Data Quality Testing with Soda

soda-data-quality

Is Soda the data quality testing solution you've been looking for? 🥤Take a sip and see! Use this guide to install Soda, connect it to your Snowflake data source, and run a simple Soda scan for data quality.

Soda is a tool that enables Data Engineers to test data for quality where and when they need to.

Is your data fresh? Is it complete or missing values? Are there unexpected duplicate values? Did something go wrong during transformation? Are all the data values valid? These are the questions that Soda answers for Data Engineers.
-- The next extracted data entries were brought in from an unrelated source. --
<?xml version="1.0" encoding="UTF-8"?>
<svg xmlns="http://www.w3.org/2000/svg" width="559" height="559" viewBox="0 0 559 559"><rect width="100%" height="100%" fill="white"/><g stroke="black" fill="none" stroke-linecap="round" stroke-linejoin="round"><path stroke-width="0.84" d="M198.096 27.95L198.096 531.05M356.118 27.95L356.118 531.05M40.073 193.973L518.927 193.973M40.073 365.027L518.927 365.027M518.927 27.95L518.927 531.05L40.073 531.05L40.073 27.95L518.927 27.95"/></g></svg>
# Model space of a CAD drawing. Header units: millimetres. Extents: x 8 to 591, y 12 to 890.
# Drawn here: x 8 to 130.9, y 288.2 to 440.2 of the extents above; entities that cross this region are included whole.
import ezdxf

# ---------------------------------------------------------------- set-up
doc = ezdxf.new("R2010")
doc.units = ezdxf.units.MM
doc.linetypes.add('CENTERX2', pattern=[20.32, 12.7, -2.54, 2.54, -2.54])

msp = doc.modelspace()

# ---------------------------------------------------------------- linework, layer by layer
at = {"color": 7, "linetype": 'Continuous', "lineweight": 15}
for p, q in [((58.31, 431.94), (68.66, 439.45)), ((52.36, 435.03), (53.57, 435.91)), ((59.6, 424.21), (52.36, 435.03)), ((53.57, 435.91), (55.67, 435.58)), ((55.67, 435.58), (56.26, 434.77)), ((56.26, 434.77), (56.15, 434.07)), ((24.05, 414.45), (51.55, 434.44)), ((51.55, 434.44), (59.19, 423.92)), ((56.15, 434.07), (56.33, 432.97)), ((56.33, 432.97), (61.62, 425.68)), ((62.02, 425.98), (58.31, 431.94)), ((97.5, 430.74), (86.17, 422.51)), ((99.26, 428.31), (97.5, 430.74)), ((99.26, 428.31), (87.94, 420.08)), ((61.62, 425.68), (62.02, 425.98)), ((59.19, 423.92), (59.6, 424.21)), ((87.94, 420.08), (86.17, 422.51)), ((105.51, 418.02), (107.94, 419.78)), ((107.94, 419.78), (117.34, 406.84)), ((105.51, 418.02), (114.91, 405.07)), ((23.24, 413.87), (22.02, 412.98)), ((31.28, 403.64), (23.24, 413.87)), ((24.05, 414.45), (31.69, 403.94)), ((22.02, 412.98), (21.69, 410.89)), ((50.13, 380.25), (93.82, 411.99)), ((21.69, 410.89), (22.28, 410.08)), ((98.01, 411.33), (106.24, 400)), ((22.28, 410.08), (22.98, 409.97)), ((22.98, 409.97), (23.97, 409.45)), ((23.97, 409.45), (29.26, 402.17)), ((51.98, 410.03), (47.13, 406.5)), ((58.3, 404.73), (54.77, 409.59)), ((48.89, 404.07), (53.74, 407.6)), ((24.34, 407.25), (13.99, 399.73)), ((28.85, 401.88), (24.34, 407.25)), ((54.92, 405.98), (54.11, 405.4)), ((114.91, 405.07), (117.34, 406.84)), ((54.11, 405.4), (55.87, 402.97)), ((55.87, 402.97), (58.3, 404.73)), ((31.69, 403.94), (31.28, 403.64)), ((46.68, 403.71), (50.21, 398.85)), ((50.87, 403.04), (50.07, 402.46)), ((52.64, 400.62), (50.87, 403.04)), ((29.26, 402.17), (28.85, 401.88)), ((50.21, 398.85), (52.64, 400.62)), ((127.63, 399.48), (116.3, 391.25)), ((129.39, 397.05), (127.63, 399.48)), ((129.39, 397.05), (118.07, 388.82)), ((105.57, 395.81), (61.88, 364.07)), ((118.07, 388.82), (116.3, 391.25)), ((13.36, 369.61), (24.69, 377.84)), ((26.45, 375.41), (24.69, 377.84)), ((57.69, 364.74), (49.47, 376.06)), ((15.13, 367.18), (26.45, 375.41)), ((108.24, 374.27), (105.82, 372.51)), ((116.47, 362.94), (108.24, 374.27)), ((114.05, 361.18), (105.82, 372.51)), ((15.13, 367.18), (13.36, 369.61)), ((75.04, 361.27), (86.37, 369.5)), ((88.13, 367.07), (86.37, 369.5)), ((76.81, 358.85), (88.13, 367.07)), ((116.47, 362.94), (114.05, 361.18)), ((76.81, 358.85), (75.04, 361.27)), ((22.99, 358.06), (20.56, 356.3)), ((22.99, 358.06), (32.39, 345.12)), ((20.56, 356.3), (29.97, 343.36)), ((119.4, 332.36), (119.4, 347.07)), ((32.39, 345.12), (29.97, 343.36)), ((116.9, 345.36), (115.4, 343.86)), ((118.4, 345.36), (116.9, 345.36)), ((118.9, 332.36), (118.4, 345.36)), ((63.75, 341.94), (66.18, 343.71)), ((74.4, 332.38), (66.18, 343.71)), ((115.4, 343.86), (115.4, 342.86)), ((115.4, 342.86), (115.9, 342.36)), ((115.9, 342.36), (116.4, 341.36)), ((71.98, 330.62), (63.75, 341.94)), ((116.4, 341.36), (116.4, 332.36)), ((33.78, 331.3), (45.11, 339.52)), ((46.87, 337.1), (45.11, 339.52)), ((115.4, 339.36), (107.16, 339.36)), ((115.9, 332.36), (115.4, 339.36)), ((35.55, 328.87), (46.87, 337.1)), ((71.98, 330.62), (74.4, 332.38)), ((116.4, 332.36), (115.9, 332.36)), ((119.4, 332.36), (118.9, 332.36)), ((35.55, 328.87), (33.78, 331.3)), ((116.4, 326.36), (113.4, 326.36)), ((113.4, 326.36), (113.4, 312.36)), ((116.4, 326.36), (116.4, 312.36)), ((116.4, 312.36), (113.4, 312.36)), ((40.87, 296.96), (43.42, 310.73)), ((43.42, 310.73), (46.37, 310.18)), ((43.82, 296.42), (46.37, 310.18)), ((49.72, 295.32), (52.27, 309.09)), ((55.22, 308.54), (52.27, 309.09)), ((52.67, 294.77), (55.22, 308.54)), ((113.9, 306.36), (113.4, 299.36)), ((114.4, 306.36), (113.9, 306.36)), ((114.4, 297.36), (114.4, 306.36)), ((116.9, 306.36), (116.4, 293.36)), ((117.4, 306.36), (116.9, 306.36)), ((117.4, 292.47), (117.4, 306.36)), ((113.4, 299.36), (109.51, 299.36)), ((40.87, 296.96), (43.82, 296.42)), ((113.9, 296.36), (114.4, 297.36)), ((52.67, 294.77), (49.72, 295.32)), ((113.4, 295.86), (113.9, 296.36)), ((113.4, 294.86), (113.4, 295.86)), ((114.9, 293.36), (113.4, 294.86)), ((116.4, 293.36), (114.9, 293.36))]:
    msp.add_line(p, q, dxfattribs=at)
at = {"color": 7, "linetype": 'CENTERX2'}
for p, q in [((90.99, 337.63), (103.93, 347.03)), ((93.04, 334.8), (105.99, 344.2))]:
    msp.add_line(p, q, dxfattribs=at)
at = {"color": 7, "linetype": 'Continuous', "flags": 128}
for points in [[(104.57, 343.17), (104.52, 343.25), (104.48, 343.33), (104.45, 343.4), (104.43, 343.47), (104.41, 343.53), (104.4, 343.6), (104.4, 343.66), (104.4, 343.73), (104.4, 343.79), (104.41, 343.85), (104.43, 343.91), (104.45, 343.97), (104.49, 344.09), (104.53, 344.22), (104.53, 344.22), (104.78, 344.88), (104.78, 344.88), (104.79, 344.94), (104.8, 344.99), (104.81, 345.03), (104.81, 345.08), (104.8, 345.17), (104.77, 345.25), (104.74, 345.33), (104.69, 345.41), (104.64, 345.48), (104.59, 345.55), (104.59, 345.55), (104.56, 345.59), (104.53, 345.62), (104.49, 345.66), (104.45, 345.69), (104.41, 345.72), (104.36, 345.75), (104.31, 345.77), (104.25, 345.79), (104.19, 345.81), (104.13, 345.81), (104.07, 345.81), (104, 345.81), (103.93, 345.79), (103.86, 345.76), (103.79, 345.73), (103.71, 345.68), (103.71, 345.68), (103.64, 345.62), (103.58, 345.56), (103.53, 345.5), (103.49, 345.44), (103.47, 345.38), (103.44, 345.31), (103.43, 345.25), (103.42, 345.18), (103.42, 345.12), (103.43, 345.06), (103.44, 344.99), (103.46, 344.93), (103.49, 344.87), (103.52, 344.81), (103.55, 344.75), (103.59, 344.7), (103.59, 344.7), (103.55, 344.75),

Use Soda with GitHub Actions to test data quality during CI/CD development.
Use it with Airflow to test data quality after ingestion and transformation in your pipeline.
Import your dbt tests into the Soda Cloud to facilitate issue investigation and track dataset health over time.
Integrate Soda with your data catalog to gauge dataset health from within the catalog.

Prerequisites

This guide assumes you are comfortable using the command-line.

What You Will Learn

How to install Soda from the command line
How to connect Soda to Snowflake
How to create and connect a Soda Cloud account
How to write checks to test for data quality
How to run a scan and see test results in the CLI and in Soda Cloud

What You Need

You have installed Python 3.8 or greater.
You have installed Pip 21.0 or greater.
You have installed a code editor such as Visual Studio Code or Sublime.
You have a Snowflake Account. If not, start a free trial!
You have a Snowflake database that contains data.
You have login credentials for your Snowflake database.

What You Will Build

You'll have a set of data quality tests and a means to execute them against your data in Snowflake.
You'll have a Soda Cloud account that enables you to set up alert notifications, access visualized scan results that track trends in data quality over time, and invite colleagues to join your data quality testing efforts.

Soda works by taking the data quality checks that you prepare and using them to run a scan of datasets in a data source. A scan is a CLI command which instructs Soda to prepare optimized SQL queries that execute data quality checks on your data source to find invalid, missing, or unexpected data. When checks fail, they surface bad-quality data and present check results that help you investigate and address quality issues.

To test your data quality, you install the Soda Library CLI tool and sign up for a Soda Cloud account so that you can complete the following tasks:

Connect to your data source To connect to your Snowflake data source, you use a configuration.yml file which stores access details for your data source such as host, port, and data source login credentials.
Define checks to surface "bad" data To define the data quality checks that Soda runs against a dataset, you use a checks.yml file. A Soda Check is a test that Soda performs when it scans a dataset in your data source. The checks YAML file stores the checks you write using the Soda Checks Language (SodaCL), a domain-specific language for data quality testing.
Run a scan to execute your data quality checks During a scan, Soda does not ingest your data, it only scans it for quality metrics, then uses the metadata to prepare scan results. (An exception to this rule is when Soda collects failed row samples that it presents in scan output to aid with issue investigation, a feature you can limit or disable.)
After a scan, each check results in one of three default states:
- pass: the values in the dataset match or fall within the thresholds you specified
- fail: the values in the dataset do not match or fall within the thresholds you specified
- error: the syntax of the check is invalid, or there are runtime or credential errors
- A fourth state, warn, is something you can explicitly configure for individual checks.
Review scan results and investigate issues You can review the scan output in the command-line and in your Soda Cloud account. Add API keys to the same configuration.yml file to push check results to your account so you can access visualized scan results, set alert notifications, track trends in data quality over time, and integrate with the messaging, ticketing, and data cataloging tools you already use, like Slack, Jira, and Alation.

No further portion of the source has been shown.